For each line in the data below that holds "amount", return a copy.
━━━ INPUT FOR THIS TASK
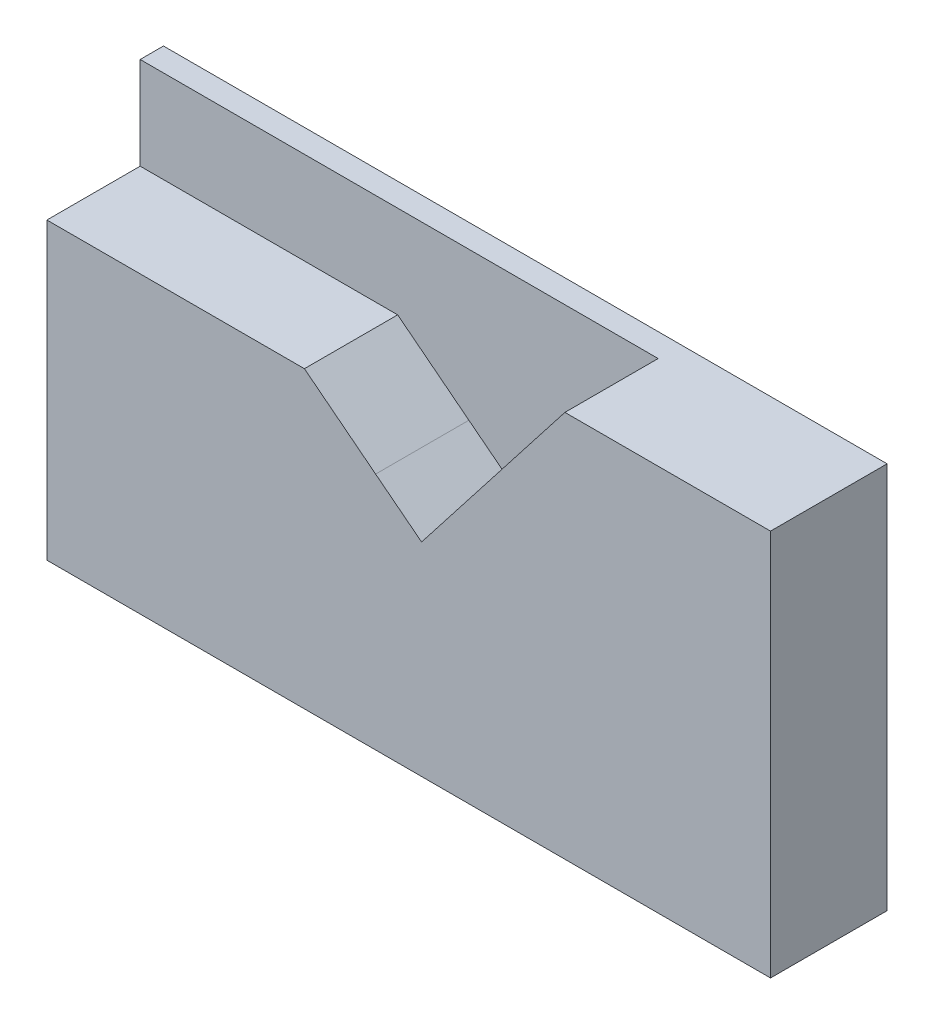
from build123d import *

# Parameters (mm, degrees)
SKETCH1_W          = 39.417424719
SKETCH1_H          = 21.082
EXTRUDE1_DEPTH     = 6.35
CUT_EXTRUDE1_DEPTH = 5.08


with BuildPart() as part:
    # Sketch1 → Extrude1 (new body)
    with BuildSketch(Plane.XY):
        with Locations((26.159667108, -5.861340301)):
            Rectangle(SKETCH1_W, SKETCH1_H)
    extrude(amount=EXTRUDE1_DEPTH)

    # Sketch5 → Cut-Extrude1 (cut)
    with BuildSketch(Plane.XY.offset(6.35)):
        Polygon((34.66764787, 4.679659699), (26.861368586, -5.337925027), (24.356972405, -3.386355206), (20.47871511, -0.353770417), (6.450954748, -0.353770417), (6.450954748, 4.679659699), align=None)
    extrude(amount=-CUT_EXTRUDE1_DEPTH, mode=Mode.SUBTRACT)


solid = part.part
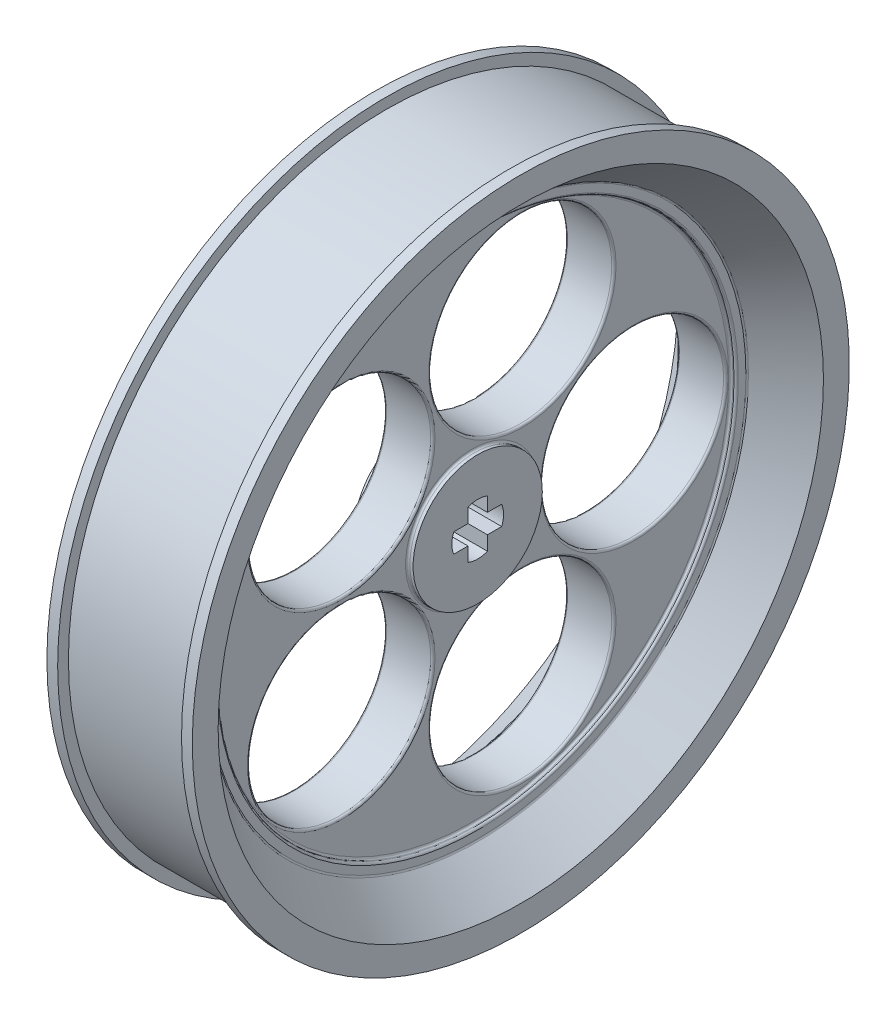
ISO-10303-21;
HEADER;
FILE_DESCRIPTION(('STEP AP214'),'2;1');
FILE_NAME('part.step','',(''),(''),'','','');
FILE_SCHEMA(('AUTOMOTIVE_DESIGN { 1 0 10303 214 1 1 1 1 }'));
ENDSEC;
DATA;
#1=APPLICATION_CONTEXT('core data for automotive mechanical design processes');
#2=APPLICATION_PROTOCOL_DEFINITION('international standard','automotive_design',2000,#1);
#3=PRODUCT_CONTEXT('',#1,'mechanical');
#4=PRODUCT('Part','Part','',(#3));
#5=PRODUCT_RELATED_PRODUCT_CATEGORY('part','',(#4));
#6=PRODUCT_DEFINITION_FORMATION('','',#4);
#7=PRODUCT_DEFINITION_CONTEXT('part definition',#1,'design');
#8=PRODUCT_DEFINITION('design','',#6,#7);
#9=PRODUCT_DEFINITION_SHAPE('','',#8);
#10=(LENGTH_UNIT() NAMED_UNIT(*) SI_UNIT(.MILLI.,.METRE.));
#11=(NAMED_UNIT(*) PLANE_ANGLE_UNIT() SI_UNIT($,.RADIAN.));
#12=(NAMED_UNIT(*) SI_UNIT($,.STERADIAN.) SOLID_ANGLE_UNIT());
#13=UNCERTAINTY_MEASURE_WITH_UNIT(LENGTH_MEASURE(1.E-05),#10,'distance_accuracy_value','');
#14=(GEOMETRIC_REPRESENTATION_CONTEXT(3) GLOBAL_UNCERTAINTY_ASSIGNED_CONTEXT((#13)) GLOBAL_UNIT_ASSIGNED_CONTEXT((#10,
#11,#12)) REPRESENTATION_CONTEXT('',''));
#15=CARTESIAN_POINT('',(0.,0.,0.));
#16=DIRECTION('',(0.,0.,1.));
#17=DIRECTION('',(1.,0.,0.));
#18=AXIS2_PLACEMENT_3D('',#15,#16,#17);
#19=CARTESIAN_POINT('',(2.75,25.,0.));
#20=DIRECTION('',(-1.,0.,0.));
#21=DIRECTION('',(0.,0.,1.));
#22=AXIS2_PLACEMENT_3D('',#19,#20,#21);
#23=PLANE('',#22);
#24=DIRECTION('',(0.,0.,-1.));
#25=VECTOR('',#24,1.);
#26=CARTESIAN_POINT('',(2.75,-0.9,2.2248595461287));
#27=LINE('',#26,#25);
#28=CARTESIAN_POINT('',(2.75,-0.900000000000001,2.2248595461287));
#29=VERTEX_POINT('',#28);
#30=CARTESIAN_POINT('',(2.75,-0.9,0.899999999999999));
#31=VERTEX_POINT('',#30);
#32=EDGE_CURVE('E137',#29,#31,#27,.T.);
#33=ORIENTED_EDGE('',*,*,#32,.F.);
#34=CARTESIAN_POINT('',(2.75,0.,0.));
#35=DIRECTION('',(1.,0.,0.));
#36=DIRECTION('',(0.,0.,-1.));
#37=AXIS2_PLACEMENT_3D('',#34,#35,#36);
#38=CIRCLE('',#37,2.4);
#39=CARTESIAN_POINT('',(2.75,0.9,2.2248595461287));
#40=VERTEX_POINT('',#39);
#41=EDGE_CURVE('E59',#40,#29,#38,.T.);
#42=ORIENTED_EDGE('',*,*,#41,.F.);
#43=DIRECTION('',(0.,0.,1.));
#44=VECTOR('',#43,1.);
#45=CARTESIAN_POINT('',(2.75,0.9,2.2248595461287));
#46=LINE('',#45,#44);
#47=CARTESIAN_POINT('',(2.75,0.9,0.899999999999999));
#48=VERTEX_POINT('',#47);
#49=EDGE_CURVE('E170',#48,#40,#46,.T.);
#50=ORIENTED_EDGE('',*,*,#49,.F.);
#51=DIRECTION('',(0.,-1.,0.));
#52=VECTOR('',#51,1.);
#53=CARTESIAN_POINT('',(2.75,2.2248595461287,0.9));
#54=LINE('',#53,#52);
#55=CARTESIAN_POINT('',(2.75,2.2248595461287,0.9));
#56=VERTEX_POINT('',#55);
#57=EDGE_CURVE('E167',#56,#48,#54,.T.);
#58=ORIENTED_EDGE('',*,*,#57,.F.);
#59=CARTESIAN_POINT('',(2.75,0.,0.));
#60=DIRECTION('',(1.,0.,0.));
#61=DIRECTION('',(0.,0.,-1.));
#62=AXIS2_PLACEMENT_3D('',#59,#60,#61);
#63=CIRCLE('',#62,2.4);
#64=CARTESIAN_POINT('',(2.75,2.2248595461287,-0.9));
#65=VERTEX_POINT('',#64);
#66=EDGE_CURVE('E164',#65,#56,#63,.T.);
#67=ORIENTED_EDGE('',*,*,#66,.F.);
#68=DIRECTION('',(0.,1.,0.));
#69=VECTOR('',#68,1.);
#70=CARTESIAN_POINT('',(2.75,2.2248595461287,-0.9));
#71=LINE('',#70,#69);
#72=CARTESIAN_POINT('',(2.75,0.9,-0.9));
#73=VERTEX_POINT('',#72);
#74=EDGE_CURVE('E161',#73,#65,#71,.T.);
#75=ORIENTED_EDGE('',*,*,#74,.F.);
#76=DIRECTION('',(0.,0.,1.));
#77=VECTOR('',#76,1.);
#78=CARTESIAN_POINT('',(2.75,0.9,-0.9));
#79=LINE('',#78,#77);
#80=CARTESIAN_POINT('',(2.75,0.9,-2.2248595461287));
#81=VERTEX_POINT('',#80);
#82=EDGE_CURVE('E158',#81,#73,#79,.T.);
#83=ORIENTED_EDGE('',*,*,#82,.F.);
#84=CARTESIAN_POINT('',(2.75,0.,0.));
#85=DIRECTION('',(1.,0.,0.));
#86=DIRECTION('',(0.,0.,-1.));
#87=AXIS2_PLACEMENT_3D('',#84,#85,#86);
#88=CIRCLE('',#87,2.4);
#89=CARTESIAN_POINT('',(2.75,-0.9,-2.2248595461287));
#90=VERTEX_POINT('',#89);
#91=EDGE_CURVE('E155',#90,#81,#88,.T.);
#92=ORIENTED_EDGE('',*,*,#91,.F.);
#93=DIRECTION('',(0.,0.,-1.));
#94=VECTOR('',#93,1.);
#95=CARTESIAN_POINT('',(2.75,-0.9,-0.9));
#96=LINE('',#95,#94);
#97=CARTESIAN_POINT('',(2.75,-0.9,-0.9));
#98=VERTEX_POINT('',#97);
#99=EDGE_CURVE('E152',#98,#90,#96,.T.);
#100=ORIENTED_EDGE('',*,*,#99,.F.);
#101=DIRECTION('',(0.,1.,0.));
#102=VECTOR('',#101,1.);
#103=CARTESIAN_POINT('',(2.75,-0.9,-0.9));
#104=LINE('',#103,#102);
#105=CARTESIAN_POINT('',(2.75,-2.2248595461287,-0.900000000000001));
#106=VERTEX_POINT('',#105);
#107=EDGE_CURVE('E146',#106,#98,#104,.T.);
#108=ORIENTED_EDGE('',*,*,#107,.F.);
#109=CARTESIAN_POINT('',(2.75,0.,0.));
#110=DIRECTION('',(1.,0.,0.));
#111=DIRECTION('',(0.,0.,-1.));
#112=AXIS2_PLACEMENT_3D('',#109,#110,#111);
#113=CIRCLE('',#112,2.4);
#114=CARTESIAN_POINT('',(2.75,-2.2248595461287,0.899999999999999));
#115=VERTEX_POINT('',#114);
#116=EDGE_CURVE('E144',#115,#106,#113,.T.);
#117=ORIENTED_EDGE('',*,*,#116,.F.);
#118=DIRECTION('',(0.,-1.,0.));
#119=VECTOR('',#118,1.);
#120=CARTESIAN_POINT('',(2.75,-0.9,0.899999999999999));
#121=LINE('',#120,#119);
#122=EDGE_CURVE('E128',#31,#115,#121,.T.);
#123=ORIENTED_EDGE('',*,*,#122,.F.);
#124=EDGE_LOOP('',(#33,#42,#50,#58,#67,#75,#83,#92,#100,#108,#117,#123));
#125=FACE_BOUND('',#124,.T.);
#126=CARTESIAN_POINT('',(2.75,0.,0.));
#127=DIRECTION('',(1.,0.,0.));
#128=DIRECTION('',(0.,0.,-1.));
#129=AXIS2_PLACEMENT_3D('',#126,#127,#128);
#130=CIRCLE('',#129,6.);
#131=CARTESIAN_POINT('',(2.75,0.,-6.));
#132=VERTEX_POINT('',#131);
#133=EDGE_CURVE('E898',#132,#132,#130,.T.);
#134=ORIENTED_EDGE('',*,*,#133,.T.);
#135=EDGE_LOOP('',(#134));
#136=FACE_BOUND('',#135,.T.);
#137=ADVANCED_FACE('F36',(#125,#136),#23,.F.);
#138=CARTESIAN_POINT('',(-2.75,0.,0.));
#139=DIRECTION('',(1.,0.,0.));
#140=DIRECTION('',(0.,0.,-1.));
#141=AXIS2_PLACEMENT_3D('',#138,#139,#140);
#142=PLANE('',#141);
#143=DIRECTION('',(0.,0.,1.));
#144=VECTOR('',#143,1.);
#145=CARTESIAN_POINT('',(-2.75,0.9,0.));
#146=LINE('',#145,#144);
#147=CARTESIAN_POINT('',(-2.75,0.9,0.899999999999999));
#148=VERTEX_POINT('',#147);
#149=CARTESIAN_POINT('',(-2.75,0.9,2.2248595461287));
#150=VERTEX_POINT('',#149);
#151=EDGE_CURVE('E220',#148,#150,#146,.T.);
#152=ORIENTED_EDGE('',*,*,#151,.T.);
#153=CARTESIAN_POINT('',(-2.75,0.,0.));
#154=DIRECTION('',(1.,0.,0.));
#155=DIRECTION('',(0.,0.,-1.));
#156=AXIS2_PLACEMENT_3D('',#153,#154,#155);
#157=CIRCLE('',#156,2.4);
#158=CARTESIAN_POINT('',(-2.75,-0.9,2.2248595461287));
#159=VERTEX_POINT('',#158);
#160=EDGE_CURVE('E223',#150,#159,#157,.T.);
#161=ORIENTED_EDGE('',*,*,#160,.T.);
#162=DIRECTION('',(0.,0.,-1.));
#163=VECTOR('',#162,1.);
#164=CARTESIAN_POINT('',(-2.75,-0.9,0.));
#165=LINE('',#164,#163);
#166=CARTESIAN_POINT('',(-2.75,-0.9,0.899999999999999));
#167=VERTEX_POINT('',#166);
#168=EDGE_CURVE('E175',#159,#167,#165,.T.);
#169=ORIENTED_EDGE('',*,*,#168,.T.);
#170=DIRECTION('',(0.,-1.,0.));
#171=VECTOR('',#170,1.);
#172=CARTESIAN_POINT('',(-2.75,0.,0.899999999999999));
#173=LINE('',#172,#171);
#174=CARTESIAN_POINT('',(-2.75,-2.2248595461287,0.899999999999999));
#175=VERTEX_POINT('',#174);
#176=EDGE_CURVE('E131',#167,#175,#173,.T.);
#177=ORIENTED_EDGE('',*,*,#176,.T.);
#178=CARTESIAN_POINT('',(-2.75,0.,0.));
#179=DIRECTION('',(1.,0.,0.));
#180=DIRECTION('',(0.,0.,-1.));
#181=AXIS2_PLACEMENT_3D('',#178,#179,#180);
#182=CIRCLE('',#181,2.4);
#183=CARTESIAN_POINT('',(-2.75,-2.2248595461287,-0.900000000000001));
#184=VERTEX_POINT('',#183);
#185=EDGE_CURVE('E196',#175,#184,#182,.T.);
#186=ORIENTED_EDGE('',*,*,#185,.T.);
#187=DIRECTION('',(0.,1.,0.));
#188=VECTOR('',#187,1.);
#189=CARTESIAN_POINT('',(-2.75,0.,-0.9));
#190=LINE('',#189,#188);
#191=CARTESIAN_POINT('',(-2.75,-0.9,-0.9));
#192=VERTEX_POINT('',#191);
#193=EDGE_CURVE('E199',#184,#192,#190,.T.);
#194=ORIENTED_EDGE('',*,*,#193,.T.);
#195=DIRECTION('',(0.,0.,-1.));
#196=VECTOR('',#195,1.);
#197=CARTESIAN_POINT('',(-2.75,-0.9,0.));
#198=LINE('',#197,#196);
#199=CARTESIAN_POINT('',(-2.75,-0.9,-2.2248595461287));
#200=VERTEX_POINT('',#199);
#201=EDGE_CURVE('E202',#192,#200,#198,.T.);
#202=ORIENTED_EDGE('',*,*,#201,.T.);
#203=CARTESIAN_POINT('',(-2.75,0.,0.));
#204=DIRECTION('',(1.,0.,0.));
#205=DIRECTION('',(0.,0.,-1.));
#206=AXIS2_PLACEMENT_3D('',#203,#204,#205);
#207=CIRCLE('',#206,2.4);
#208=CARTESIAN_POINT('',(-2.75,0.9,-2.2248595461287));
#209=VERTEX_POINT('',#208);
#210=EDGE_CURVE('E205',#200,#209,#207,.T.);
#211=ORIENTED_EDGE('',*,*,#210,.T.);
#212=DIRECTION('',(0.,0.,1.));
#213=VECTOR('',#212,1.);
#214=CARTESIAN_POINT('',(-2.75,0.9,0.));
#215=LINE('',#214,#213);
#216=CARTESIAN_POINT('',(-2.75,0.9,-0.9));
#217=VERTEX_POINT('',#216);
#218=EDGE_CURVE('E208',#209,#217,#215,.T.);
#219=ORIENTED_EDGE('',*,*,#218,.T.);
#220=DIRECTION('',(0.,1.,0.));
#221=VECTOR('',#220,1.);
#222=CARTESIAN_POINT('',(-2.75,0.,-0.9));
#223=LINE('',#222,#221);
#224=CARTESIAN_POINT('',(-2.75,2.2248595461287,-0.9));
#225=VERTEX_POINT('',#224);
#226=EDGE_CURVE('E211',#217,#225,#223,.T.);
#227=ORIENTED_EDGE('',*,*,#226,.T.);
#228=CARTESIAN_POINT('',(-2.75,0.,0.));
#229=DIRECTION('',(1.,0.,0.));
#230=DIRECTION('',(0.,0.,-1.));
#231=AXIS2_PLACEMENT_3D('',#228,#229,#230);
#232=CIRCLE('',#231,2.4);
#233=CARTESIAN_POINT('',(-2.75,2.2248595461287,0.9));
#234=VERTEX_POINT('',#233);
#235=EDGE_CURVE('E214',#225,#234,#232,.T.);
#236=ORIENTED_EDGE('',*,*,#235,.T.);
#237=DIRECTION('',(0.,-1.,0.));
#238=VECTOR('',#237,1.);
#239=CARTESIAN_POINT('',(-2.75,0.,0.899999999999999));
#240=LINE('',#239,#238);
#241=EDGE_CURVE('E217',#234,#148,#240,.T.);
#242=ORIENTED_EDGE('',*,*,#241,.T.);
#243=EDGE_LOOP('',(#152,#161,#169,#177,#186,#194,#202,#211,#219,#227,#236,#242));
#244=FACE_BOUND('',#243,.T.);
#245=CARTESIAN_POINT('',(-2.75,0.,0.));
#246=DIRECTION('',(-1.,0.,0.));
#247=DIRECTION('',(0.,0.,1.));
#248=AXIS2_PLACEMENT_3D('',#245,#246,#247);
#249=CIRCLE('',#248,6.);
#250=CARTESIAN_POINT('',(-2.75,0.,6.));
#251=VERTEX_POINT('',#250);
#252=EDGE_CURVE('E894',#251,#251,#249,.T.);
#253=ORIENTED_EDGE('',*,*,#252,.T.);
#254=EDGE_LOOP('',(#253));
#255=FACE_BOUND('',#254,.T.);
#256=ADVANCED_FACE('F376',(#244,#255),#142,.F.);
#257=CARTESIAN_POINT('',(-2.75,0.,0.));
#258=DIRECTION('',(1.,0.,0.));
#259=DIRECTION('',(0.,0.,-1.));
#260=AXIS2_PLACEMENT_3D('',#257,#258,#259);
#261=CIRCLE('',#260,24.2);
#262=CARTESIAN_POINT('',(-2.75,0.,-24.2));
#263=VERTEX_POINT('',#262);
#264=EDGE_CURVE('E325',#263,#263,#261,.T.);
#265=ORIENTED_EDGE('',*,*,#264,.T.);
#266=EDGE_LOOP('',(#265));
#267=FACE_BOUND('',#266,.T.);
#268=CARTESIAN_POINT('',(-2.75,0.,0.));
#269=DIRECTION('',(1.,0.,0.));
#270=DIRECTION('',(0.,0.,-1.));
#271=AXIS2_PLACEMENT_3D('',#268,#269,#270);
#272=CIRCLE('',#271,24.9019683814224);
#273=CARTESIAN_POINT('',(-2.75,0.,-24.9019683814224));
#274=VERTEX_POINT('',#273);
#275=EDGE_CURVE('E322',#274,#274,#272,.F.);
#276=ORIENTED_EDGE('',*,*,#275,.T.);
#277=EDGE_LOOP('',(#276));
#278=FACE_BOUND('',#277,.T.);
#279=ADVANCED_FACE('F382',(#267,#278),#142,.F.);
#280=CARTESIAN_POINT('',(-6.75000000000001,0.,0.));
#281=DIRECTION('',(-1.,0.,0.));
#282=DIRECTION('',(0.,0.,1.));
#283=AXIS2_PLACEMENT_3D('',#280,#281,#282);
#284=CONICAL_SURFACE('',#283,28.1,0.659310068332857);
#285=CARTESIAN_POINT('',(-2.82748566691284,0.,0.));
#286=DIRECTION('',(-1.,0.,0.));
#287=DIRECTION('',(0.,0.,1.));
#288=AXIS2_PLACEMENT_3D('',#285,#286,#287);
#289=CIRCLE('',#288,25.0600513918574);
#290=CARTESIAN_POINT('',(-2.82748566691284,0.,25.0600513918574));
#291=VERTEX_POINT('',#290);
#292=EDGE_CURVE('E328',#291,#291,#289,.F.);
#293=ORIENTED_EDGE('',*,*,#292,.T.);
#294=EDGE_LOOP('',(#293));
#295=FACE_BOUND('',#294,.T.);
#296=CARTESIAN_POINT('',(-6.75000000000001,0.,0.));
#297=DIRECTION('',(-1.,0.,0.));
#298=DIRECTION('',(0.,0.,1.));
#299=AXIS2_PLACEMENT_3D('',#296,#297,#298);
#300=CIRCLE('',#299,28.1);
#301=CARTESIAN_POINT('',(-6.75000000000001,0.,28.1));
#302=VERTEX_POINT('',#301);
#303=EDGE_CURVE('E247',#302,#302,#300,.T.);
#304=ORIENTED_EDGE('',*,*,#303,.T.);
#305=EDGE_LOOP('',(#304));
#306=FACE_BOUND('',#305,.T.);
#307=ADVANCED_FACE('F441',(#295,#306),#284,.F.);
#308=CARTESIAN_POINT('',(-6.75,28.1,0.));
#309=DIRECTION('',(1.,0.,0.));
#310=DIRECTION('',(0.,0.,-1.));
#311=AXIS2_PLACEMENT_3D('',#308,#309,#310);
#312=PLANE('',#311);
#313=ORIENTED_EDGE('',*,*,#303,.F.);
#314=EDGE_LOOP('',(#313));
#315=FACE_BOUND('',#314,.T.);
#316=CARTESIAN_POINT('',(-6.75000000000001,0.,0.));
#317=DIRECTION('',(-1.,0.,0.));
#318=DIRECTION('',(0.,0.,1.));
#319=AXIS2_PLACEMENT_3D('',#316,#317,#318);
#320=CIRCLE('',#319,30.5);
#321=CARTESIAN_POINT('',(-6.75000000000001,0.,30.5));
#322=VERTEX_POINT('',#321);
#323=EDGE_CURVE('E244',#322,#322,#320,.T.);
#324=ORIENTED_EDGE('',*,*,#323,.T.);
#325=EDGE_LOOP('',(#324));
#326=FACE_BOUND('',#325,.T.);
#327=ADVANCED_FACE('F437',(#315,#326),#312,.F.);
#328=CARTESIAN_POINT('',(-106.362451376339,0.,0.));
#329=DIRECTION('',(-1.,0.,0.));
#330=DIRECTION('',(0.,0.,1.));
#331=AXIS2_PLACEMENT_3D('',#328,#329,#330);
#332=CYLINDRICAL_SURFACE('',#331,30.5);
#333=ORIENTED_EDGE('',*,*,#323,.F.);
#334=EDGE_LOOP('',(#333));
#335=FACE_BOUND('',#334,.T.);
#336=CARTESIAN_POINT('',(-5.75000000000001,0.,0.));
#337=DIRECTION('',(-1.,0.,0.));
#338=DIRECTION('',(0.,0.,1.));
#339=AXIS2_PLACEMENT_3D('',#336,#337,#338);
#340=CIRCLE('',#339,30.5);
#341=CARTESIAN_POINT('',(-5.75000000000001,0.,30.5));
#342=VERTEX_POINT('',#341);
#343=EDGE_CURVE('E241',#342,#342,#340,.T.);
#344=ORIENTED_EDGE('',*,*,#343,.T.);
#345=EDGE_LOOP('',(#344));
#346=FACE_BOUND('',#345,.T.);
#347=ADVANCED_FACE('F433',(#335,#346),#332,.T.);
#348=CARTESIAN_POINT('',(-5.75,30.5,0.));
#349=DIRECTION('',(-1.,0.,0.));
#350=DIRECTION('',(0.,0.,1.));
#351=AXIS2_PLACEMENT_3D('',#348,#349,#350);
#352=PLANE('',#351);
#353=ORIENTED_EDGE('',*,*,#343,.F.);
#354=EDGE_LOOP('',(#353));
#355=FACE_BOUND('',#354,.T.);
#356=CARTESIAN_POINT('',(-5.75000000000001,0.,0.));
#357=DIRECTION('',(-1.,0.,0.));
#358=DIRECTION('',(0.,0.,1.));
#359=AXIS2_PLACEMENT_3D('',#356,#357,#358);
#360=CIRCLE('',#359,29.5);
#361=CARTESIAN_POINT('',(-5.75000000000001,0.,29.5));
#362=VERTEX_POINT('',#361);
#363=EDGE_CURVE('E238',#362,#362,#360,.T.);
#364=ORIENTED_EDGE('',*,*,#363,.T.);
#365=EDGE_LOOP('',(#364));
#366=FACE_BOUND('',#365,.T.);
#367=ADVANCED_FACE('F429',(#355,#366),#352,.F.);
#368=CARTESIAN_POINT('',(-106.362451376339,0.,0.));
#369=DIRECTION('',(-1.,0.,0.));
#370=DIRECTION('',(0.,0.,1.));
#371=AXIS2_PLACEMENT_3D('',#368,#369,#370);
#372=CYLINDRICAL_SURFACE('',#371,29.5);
━━━━━━
_ANSWER SECTION_.
    extrude(amount=EXTRUDE1_DEPTH)
    extrude(amount=-CUT_EXTRUDE1_DEPTH, mode=Mode.SUBTRACT)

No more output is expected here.